Рис. 12-2. Управление процессом адаптивных изменений. Kates (1971, 447).
==234
Работы этой исследовательской группы, а также ряда талантливых выпускников университета и аспирантов положили начало направлению, впоследствии названному «Чикагской школой» изучения стихийных бедствий. Ее отличительными особенностями было повышенное внимание к практическим вопросам, так же как и чисто академическим проблемам, и убеждение, что во взаимотношениях человека и окружающей среды процессы мыслительной деятельности имеют определяющее значение и что знание именно их дает ключ к подлинному пониманию поведения людей в ходе борьбы со стихийными бедствиями [З]. Вначале группа занималась изучением лишь речных наводнений (Burton, 1962; Kates, 1962, 1965; White, 1964), однако скоро в сферу ее рассмотрения попали и наводнения других видов (например, морские (Burton, Kates, 1964; Kates, 1967)) и другие стихийные бедствия.
Начало последнему направлению исследований было положено работой Сааринена (Saarinen, 1966), посвященной анализу реакций на засуху в пределах Великих Американских равнин.

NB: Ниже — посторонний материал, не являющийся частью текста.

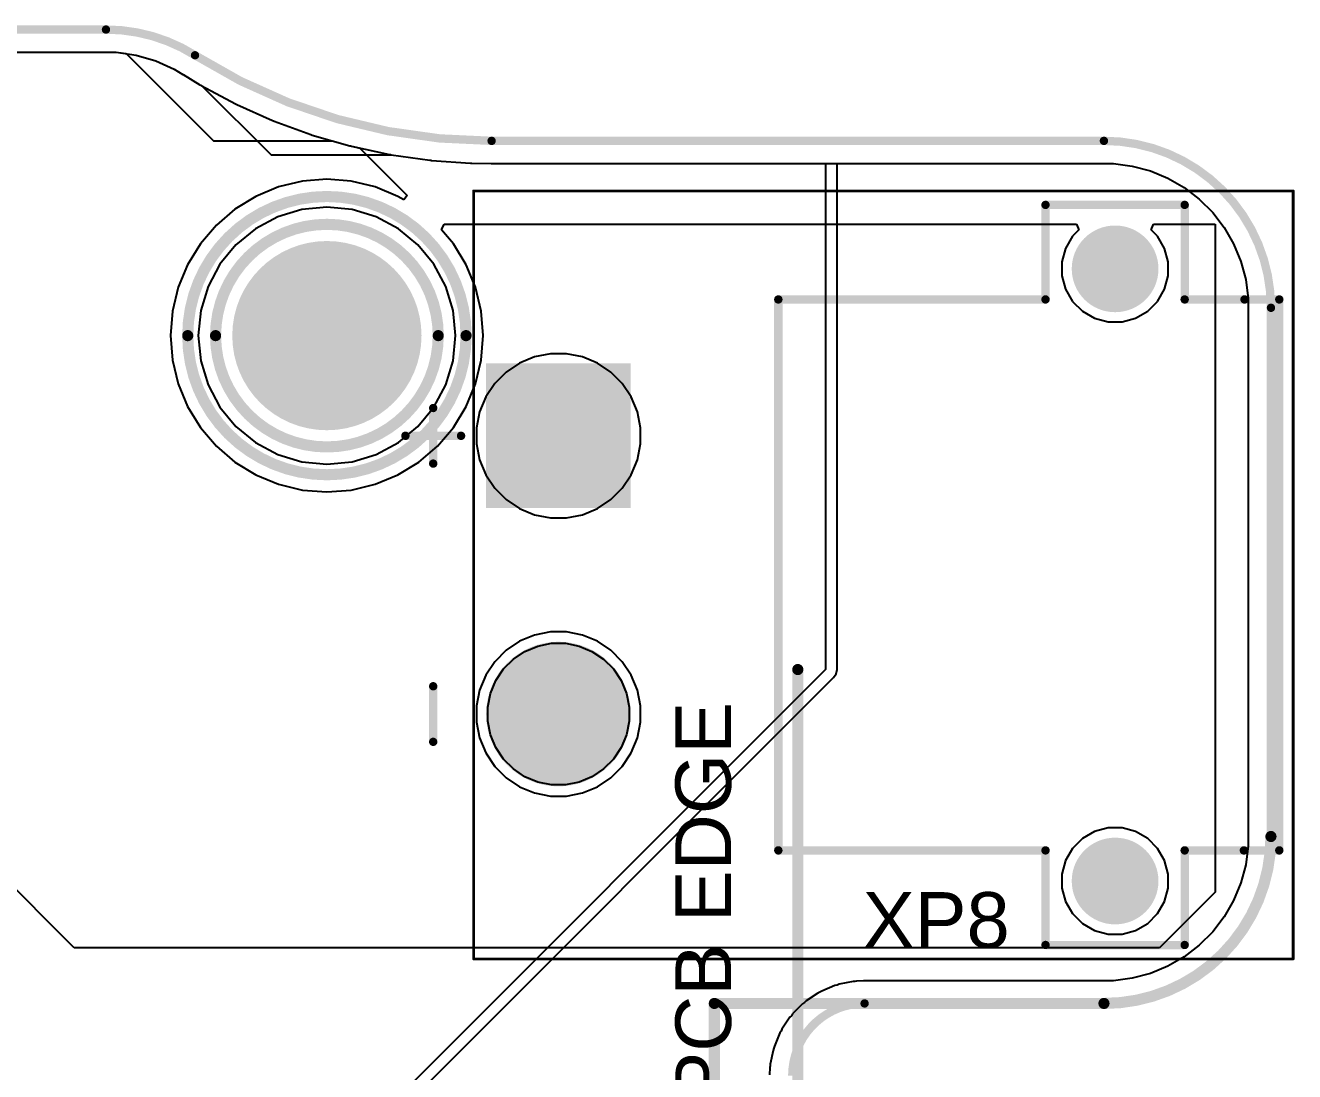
# Model space of a CAD drawing. Header units: inches. Extents: x 0 to 110, y 0 to 95.
# Drawn here: x 87.62 to 110.43, y 76.28 to 95.08 of the extents above; entities that cross this region are included whole.
import ezdxf

# ---------------------------------------------------------------- set-up
doc = ezdxf.new("R2010")
doc.units = ezdxf.units.IN
for name, color, linetype in [('Board Shape', 56, 'Continuous'), ('Bottom Layer', 5, 'Continuous'), ('Bottom Solder', 6, 'Continuous'), ('Int1', 16, 'Continuous'), ('Int2', 76, 'Continuous'), ('Keep-Out Layer', 6, 'Continuous'), ('Mechanical 13', 56, 'Continuous'), ('Mechanical1', 6, 'Continuous'), ('Multi-Layer', 9, 'Continuous'), ('Pad Holes', 156, 'Continuous'), ('Top Courtyard', 56, 'Continuous'), ('Top Layer', 1, 'Continuous'), ('Top Overlay', 2, 'Continuous'), ('Top Solder', 216, 'Continuous')]:
    doc.layers.add(name, color=color, linetype=linetype)
doc.styles.add('Arial', font='', dxfattribs={"height": 0.2})
doc.styles.get('Arial').set_extended_font_data('Arial')

# ---------------------------------------------------------------- blocks, each defined once
blk = doc.blocks.new('DIN41612_48_3_____________________717')
at = {"layer": 'Mechanical 13'}
blk.add_lwpolyline([(-26.6, 0, 0.2, 0.2, 0), (36, 0, 0.2, 0.2, 0)], format="xyseb", dxfattribs=at)
blk.add_lwpolyline([(35.95, 0, 0.1, 0.1, 1), (36.05, 0, 0.1, 0.1, 1)], format="xyseb", close=True, dxfattribs=at)
at = {"layer": 'Mechanical 13', "style": 'Arial'}
blk.add_text('PCB EDGE', height=1, dxfattribs=at).set_placement((28.2, 1.2))
blk = doc.blocks.new('XT30PW_M_722')
at = {"layer": 'Bottom Layer'}
h = blk.add_hatch(color=5, dxfattribs=at)
edge = h.paths.add_edge_path()
edge.add_arc((-5.5, 0), 0.754, 0, 360)
h = blk.add_hatch(color=5, dxfattribs=at)
edge = h.paths.add_edge_path()
edge.add_arc((5.5, 0), 0.754, 0, 360)
blk.add_hatch(color=5, dxfattribs=at).paths.add_polyline_path([(-3.775, -8.725), (-1.225, -8.725), (-1.225, -11.275), (-3.775, -11.275)])
h = blk.add_hatch(color=5, dxfattribs=at)
edge = h.paths.add_edge_path()
edge.add_arc((2.5, -10), 1.275, 0, 360)
at = {"layer": 'Bottom Solder'}
h = blk.add_hatch(color=6, dxfattribs=at)
edge = h.paths.add_edge_path()
edge.add_arc((-5.5, 0), 0.779, 0, 360)
h = blk.add_hatch(color=6, dxfattribs=at)
edge = h.paths.add_edge_path()
edge.add_arc((5.5, 0), 0.779, 0, 360)
blk.add_hatch(color=6, dxfattribs=at).paths.add_polyline_path([(-3.8, -8.7), (-1.2, -8.7), (-1.2, -11.3), (-3.8, -11.3)])
h = blk.add_hatch(color=6, dxfattribs=at)
edge = h.paths.add_edge_path()
edge.add_arc((2.5, -10), 1.3, 0, 360)
at = {"layer": 'Int1'}
h = blk.add_hatch(color=16, dxfattribs=at)
edge = h.paths.add_edge_path()
edge.add_arc((-5.5, 0), 0.754, 0, 360)
h = blk.add_hatch(color=16, dxfattribs=at)
edge = h.paths.add_edge_path()
edge.add_arc((5.5, 0), 0.754, 0, 360)
h = blk.add_hatch(color=16, dxfattribs=at)
edge = h.paths.add_edge_path()
edge.add_arc((-2.5, -10), 1.275, 0, 360)
h = blk.add_hatch(color=16, dxfattribs=at)
edge = h.paths.add_edge_path()
edge.add_arc((2.5, -10), 1.275, 0, 360)
at = {"layer": 'Int2'}
h = blk.add_hatch(color=76, dxfattribs=at)
edge = h.paths.add_edge_path()
edge.add_arc((-5.5, 0), 0.754, 0, 360)
h = blk.add_hatch(color=76, dxfattribs=at)
edge = h.paths.add_edge_path()
edge.add_arc((5.5, 0), 0.754, 0, 360)
h = blk.add_hatch(color=76, dxfattribs=at)
edge = h.paths.add_edge_path()
edge.add_arc((-2.5, -10), 1.275, 0, 360)
h = blk.add_hatch(color=76, dxfattribs=at)
edge = h.paths.add_edge_path()
edge.add_arc((2.5, -10), 1.275, 0, 360)
at = {"layer": 'Multi-Layer'}
h = blk.add_hatch(color=9, dxfattribs=at)
edge = h.paths.add_edge_path()
edge.add_arc((-5.5, 0), 0.754, 0, 360)
h = blk.add_hatch(color=9, dxfattribs=at)
edge = h.paths.add_edge_path()
edge.add_arc((5.5, 0), 0.754, 0, 360)
h = blk.add_hatch(color=9, dxfattribs=at)
edge = h.paths.add_edge_path()
edge.add_arc((2.5, -10), 1.275, 0, 360)
at = {"layer": 'Pad Holes'}
h = blk.add_hatch(color=7, dxfattribs=at)
edge = h.paths.add_edge_path()
edge.add_arc((-5.5, 0), 0.5, 0, 360)
h = blk.add_hatch(color=7, dxfattribs=at)
edge = h.paths.add_edge_path()
edge.add_arc((5.5, 0), 0.5, 0, 360)
h = blk.add_hatch(color=7, dxfattribs=at)
edge = h.paths.add_edge_path()
edge.add_arc((-2.5, -10), 0.85, 0, 360)
h = blk.add_hatch(color=7, dxfattribs=at)
edge = h.paths.add_edge_path()
edge.add_arc((2.5, -10), 0.85, 0, 360)
at = {"layer": 'Top Layer'}
h = blk.add_hatch(color=1, dxfattribs=at)
edge = h.paths.add_edge_path()
edge.add_arc((-5.5, 0), 0.754, 0, 360)
h = blk.add_hatch(color=1, dxfattribs=at)
edge = h.paths.add_edge_path()
edge.add_arc((5.5, 0), 0.754, 0, 360)
blk.add_hatch(color=1, dxfattribs=at).paths.add_polyline_path([(-3.775, -8.725), (-1.225, -8.725), (-1.225, -11.275), (-3.775, -11.275)])
h = blk.add_hatch(color=1, dxfattribs=at)
edge = h.paths.add_edge_path()
edge.add_arc((2.5, -10), 1.275, 0, 360)
at = {"layer": 'Top Solder'}
h = blk.add_hatch(color=216, dxfattribs=at)
edge = h.paths.add_edge_path()
edge.add_arc((-5.5, 0), 0.779, 0, 360)
h = blk.add_hatch(color=216, dxfattribs=at)
edge = h.paths.add_edge_path()
edge.add_arc((5.5, 0), 0.779, 0, 360)
blk.add_hatch(color=216, dxfattribs=at).paths.add_polyline_path([(-3.8, -8.7), (-1.2, -8.7), (-1.2, -11.3), (-3.8, -11.3)])
h = blk.add_hatch(color=216, dxfattribs=at)
edge = h.paths.add_edge_path()
edge.add_arc((2.5, -10), 1.3, 0, 360)
at = {"layer": 'Mechanical 13'}
for points in [[(4.95, 2.95, 0.15, 0.15, 0), (-4.95, 2.95, 0.15, 0.15, 0)], [(-4.95, 1.25, 0.15, 0.15, 0), (-4.95, 2.95, 0.15, 0.15, 0)], [(4.95, 1.25, 0.15, 0.15, 0), (4.95, 2.95, 0.15, 0.15, 0)], [(-4.95, 1.25, 0.15, 0.15, 0), (-6.65, 1.25, 0.15, 0.15, 0)], [(-6.65, -1.25, 0.15, 0.15, 0), (-6.65, 1.25, 0.15, 0.15, 0)], [(6.65, 1.25, 0.15, 0.15, 0), (4.95, 1.25, 0.15, 0.15, 0)], [(6.65, -1.25, 0.15, 0.15, 0), (6.65, 1.25, 0.15, 0.15, 0)], [(-4.95, -1.25, 0.15, 0.15, 0), (-6.65, -1.25, 0.15, 0.15, 0)], [(-4.95, -6.05, 0.15, 0.15, 0), (-4.95, -1.25, 0.15, 0.15, 0)], [(4.95, -6.05, 0.15, 0.15, 0), (4.95, -1.25, 0.15, 0.15, 0)], [(6.65, -1.25, 0.15, 0.15, 0), (4.95, -1.25, 0.15, 0.15, 0)], [(4.95, -6.05, 0.15, 0.15, 0), (-4.95, -6.05, 0.15, 0.15, 0)], [(-2.5, -12.75, 0.15, 0.15, 0), (-2.5, -11.75, 0.15, 0.15, 0)], [(-2, -12.25, 0.15, 0.15, 0), (-3, -12.25, 0.15, 0.15, 0)], [(3, -12.25, 0.15, 0.15, 0), (2, -12.25, 0.15, 0.15, 0)]]:
    blk.add_lwpolyline(points, format="xyseb", dxfattribs=at)
for points in [[(-4.988, 2.95, 0.075, 0.075, 1), (-4.912, 2.95, 0.075, 0.075, 1)], [(-4.988, 2.95, 0.075, 0.075, 1), (-4.912, 2.95, 0.075, 0.075, 1)], [(4.912, 2.95, 0.075, 0.075, 1), (4.988, 2.95, 0.075, 0.075, 1)], [(4.912, 2.95, 0.075, 0.075, 1), (4.988, 2.95, 0.075, 0.075, 1)], [(-6.687, 1.25, 0.075, 0.075, 1), (-6.612, 1.25, 0.075, 0.075, 1)], [(-6.687, 1.25, 0.075, 0.075, 1), (-6.612, 1.25, 0.075, 0.075, 1)], [(-4.988, 1.25, 0.075, 0.075, 1), (-4.912, 1.25, 0.075, 0.075, 1)], [(-4.988, 1.25, 0.075, 0.075, 1), (-4.912, 1.25, 0.075, 0.075, 1)], [(4.912, 1.25, 0.075, 0.075, 1), (4.988, 1.25, 0.075, 0.075, 1)], [(4.912, 1.25, 0.075, 0.075, 1), (4.988, 1.25, 0.075, 0.075, 1)], [(6.612, 1.25, 0.075, 0.075, 1), (6.687, 1.25, 0.075, 0.075, 1)], [(6.612, 1.25, 0.075, 0.075, 1), (6.687, 1.25, 0.075, 0.075, 1)], [(-6.687, -1.25, 0.075, 0.075, 1), (-6.612, -1.25, 0.075, 0.075, 1)], [(-6.687, -1.25, 0.075, 0.075, 1), (-6.612, -1.25, 0.075, 0.075, 1)], [(-4.988, -1.25, 0.075, 0.075, 1), (-4.912, -1.25, 0.075, 0.075, 1)], [(-4.988, -1.25, 0.075, 0.075, 1), (-4.912, -1.25, 0.075, 0.075, 1)], [(4.912, -1.25, 0.075, 0.075, 1), (4.988, -1.25, 0.075, 0.075, 1)], [(4.912, -1.25, 0.075, 0.075, 1), (4.988, -1.25, 0.075, 0.075, 1)], [(6.612, -1.25, 0.075, 0.075, 1), (6.687, -1.25, 0.075, 0.075, 1)], [(6.612, -1.25, 0.075, 0.075, 1), (6.687, -1.25, 0.075, 0.075, 1)], [(-4.988, -6.05, 0.075, 0.075, 1), (-4.912, -6.05, 0.075, 0.075, 1)], [(-4.988, -6.05, 0.075, 0.075, 1), (-4.912, -6.05, 0.075, 0.075, 1)], [(4.912, -6.05, 0.075, 0.075, 1), (4.988, -6.05, 0.075, 0.075, 1)], [(4.912, -6.05, 0.075, 0.075, 1), (4.988, -6.05, 0.075, 0.075, 1)], [(-2.538, -11.75, 0.075, 0.075, 1), (-2.462, -11.75, 0.075, 0.075, 1)], [(-3.037, -12.25, 0.075, 0.075, 1), (-2.962, -12.25, 0.075, 0.075, 1)], [(-2.038, -12.25, 0.075, 0.075, 1), (-1.963, -12.25, 0.075, 0.075, 1)], [(1.963, -12.25, 0.075, 0.075, 1), (2.038, -12.25, 0.075, 0.075, 1)], [(2.962, -12.25, 0.075, 0.075, 1), (3.037, -12.25, 0.075, 0.075, 1)], [(-2.538, -12.75, 0.075, 0.075, 1), (-2.462, -12.75, 0.075, 0.075, 1)]]:
    blk.add_lwpolyline(points, format="xyseb", close=True, dxfattribs=at)
at = {"layer": 'Top Courtyard'}
for points in [[(-6.9, -11.525, 0.05, 0.05, 0), (-6.9, 3.2, 0.05, 0.05, 0)], [(6.9, 3.2, 0.05, 0.05, 0), (-6.9, 3.2, 0.05, 0.05, 0)], [(6.9, -11.525, 0.05, 0.05, 0), (6.9, 3.2, 0.05, 0.05, 0)], [(6.9, -11.525, 0.05, 0.05, 0), (-6.9, -11.525, 0.05, 0.05, 0)]]:
    blk.add_lwpolyline(points, format="xyseb", dxfattribs=at)
for points in [[(-6.912, 3.2, 0.025, 0.025, 1), (-6.887, 3.2, 0.025, 0.025, 1)], [(-6.912, 3.2, 0.025, 0.025, 1), (-6.887, 3.2, 0.025, 0.025, 1)], [(6.887, 3.2, 0.025, 0.025, 1), (6.912, 3.2, 0.025, 0.025, 1)], [(6.887, 3.2, 0.025, 0.025, 1), (6.912, 3.2, 0.025, 0.025, 1)], [(-6.912, -11.525, 0.025, 0.025, 1), (-6.887, -11.525, 0.025, 0.025, 1)], [(-6.912, -11.525, 0.025, 0.025, 1), (-6.887, -11.525, 0.025, 0.025, 1)], [(6.887, -11.525, 0.025, 0.025, 1), (6.912, -11.525, 0.025, 0.025, 1)], [(6.887, -11.525, 0.025, 0.025, 1), (6.912, -11.525, 0.025, 0.025, 1)]]:
    blk.add_lwpolyline(points, format="xyseb", close=True, dxfattribs=at)
at = {"layer": 'Top Overlay'}
for points in [[(-4.95, 1.25, 0.15, 0.15, 0), (-4.95, 2.325, 0.15, 0.15, 0)], [(4.95, 1.25, 0.15, 0.15, 0), (4.95, 2.314, 0.15, 0.15, 0)], [(-6.65, -1.25, 0.15, 0.15, 0), (-6.65, 1.25, 0.15, 0.15, 0)], [(-4.95, 1.25, 0.15, 0.15, 0), (-6.65, 1.25, 0.15, 0.15, 0)], [(6.65, 1.25, 0.15, 0.15, 0), (4.95, 1.25, 0.15, 0.15, 0)], [(6.65, -1.25, 0.15, 0.15, 0), (6.65, 1.25, 0.15, 0.15, 0)], [(-4.95, -1.25, 0.15, 0.15, 0), (-6.65, -1.25, 0.15, 0.15, 0)], [(-4.95, -6.05, 0.15, 0.15, 0), (-4.95, -1.25, 0.15, 0.15, 0)], [(6.65, -1.25, 0.15, 0.15, 0), (4.95, -1.25, 0.15, 0.15, 0)], [(4.95, -6.05, 0.15, 0.15, 0), (4.95, -1.25, 0.15, 0.15, 0)], [(4.95, -6.05, 0.15, 0.15, 0), (-4.95, -6.05, 0.15, 0.15, 0)], [(3, -12.25, 0.15, 0.15, 0), (2, -12.25, 0.15, 0.15, 0)]]:
    blk.add_lwpolyline(points, format="xyseb", dxfattribs=at)
for points in [[(-4.988, 2.325, 0.075, 0.075, 1), (-4.912, 2.325, 0.075, 0.075, 1)], [(4.912, 2.314, 0.075, 0.075, 1), (4.988, 2.314, 0.075, 0.075, 1)], [(-6.687, 1.25, 0.075, 0.075, 1), (-6.612, 1.25, 0.075, 0.075, 1)], [(-6.687, 1.25, 0.075, 0.075, 1), (-6.612, 1.25, 0.075, 0.075, 1)], [(-4.988, 1.25, 0.075, 0.075, 1), (-4.912, 1.25, 0.075, 0.075, 1)], [(-4.988, 1.25, 0.075, 0.075, 1), (-4.912, 1.25, 0.075, 0.075, 1)], [(4.912, 1.25, 0.075, 0.075, 1), (4.988, 1.25, 0.075, 0.075, 1)], [(4.912, 1.25, 0.075, 0.075, 1), (4.988, 1.25, 0.075, 0.075, 1)], [(6.612, 1.25, 0.075, 0.075, 1), (6.687, 1.25, 0.075, 0.075, 1)], [(6.612, 1.25, 0.075, 0.075, 1), (6.687, 1.25, 0.075, 0.075, 1)], [(-6.687, -1.25, 0.075, 0.075, 1), (-6.612, -1.25, 0.075, 0.075, 1)], [(-6.687, -1.25, 0.075, 0.075, 1), (-6.612, -1.25, 0.075, 0.075, 1)], [(-4.988, -1.25, 0.075, 0.075, 1), (-4.912, -1.25, 0.075, 0.075, 1)], [(-4.988, -1.25, 0.075, 0.075, 1), (-4.912, -1.25, 0.075, 0.075, 1)], [(4.912, -1.25, 0.075, 0.075, 1), (4.988, -1.25, 0.075, 0.075, 1)], [(4.912, -1.25, 0.075, 0.075, 1), (4.988, -1.25, 0.075, 0.075, 1)], [(6.612, -1.25, 0.075, 0.075, 1), (6.687, -1.25, 0.075, 0.075, 1)], [(6.612, -1.25, 0.075, 0.075, 1), (6.687, -1.25, 0.075, 0.075, 1)], [(-4.988, -6.05, 0.075, 0.075, 1), (-4.912, -6.05, 0.075, 0.075, 1)], [(-4.988, -6.05, 0.075, 0.075, 1), (-4.912, -6.05, 0.075, 0.075, 1)], [(4.912, -6.05, 0.075, 0.075, 1), (4.988, -6.05, 0.075, 0.075, 1)], [(4.912, -6.05, 0.075, 0.075, 1), (4.988, -6.05, 0.075, 0.075, 1)], [(1.963, -12.25, 0.075, 0.075, 1), (2.038, -12.25, 0.075, 0.075, 1)], [(2.962, -12.25, 0.075, 0.075, 1), (3.037, -12.25, 0.075, 0.075, 1)]]:
    blk.add_lwpolyline(points, format="xyseb", close=True, dxfattribs=at)

msp = doc.modelspace()

# ---------------------------------------------------------------- hatches: boundary and pattern name
at = {"layer": 'Bottom Solder'}
h = msp.add_hatch(color=6, dxfattribs=at)
edge = h.paths.add_edge_path()
edge.add_arc((93.04, 89.5), 1.7, 0, 360)
at = {"layer": 'Pad Holes'}
h = msp.add_hatch(color=7, dxfattribs=at)
edge = h.paths.add_edge_path()
edge.add_arc((93.04, 89.5), 1.6, 0, 360)
at = {"layer": 'Top Solder'}
h = msp.add_hatch(color=216, dxfattribs=at)
edge = h.paths.add_edge_path()
edge.add_arc((93.04, 89.5), 1.7, 0, 360)

# ---------------------------------------------------------------- linework, layer by layer
at = {"layer": 'Board Shape'}
for points in [[(2, 95, 0.15, 0.15, 0), (89.072, 95, 0.15, 0.15, 0)], [(89.072, 95, 0.15, 0.15, -0.14145), (90.671, 94.538, 0.15, 0.15, 0)], [(96, 93, 0.15, 0.15, -0.14145), (90.671, 94.538, 0.15, 0.15, 0)], [(96, 93, 0.15, 0.15, 0), (107, 93, 0.15, 0.15, 0)], [(107, 93, 0.15, 0.15, -0.414213), (110, 90, 0.15, 0.15, 0)], [(110, 80.5, 0.15, 0.15, 0), (110, 90, 0.15, 0.15, 0)], [(110, 80.5, 0.2, 0.2, -0.414213), (107, 77.5, 0.2, 0.2, 0)], [(101.4, 76.2, 0.15, 0.15, -0.414214), (102.7, 77.5, 0.15, 0.15, 0)], [(102.7, 77.5, 0.15, 0.15, 0), (107, 77.5, 0.15, 0.15, 0)]]:
    msp.add_lwpolyline(points, format="xyseb", dxfattribs=at)
for points in [[(89.034, 95, 0.075, 0.075, 1), (89.109, 95, 0.075, 0.075, 1)], [(89.034, 95, 0.075, 0.075, 1), (89.109, 95, 0.075, 0.075, 1)], [(90.633, 94.538, 0.075, 0.075, 1), (90.708, 94.538, 0.075, 0.075, 1)], [(90.633, 94.538, 0.075, 0.075, 1), (90.708, 94.538, 0.075, 0.075, 1)], [(95.962, 93, 0.075, 0.075, 1), (96.037, 93, 0.075, 0.075, 1)], [(95.962, 93, 0.075, 0.075, 1), (96.037, 93, 0.075, 0.075, 1)], [(106.962, 93, 0.075, 0.075, 1), (107.037, 93, 0.075, 0.075, 1)], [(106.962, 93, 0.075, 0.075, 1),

Несмотря на то что в этой работе нарушалась традиция в выборе объекта исследования, поскольку в ней рассматривались явления, относящиеся к противоположному концу спектра стихийных бедствий, а именно связанные с процессами эвапотранспирации, в ней сохранялась преемственность методики исследований. Сааринен использовал анкету, переработанную из вопросника, посвященного анализу ситуации во время наводнений, но расширил его границы, введя вопросы, направленные на выявление возможных вариантов поведения в той или иной гипотетической ситуации: задача этих вопросов состояла в выявлении позиций, которые занимают люди по отношению к природе. Эта осознанная обеспокоенность систематическим развитием как отдельных методов, так и методики в целом остается характерной чертой всех исследований, посвященных изучению стихийных бедствий.
Интегрированные исследовательские программы. Рассмотренные пионерные работы при активном участии и под энергичным руководством ученых Чикагской группы привели к появлению широкого спектра новых научных исследований. Почти все статьи, указанные в табл. 12-4, написаны учеными, либо непосредственно связанными с Чикагской школой, либо с теми, кто принимал участие в той или иной из основных исследовательских программ, в которые вылились работы ее представителей. Мы не собираемся обсуждать здесь алгоритм составления и появления этих программ или подробно рассматривать их главные результаты [4]. Мы хотим дать лишь краткий обзор главных направлений исследований, производимых в соответствии с постоянно действующей Северо-Американской программой (география реализации которой следует за перемещениями основных ученых, занимающихся ею, в университеты Торонто, Колорадо и Кларка), а также тех, которые осуществляются под эгидой Комиссии человека и окружающей среды Международного географического союза (МГС).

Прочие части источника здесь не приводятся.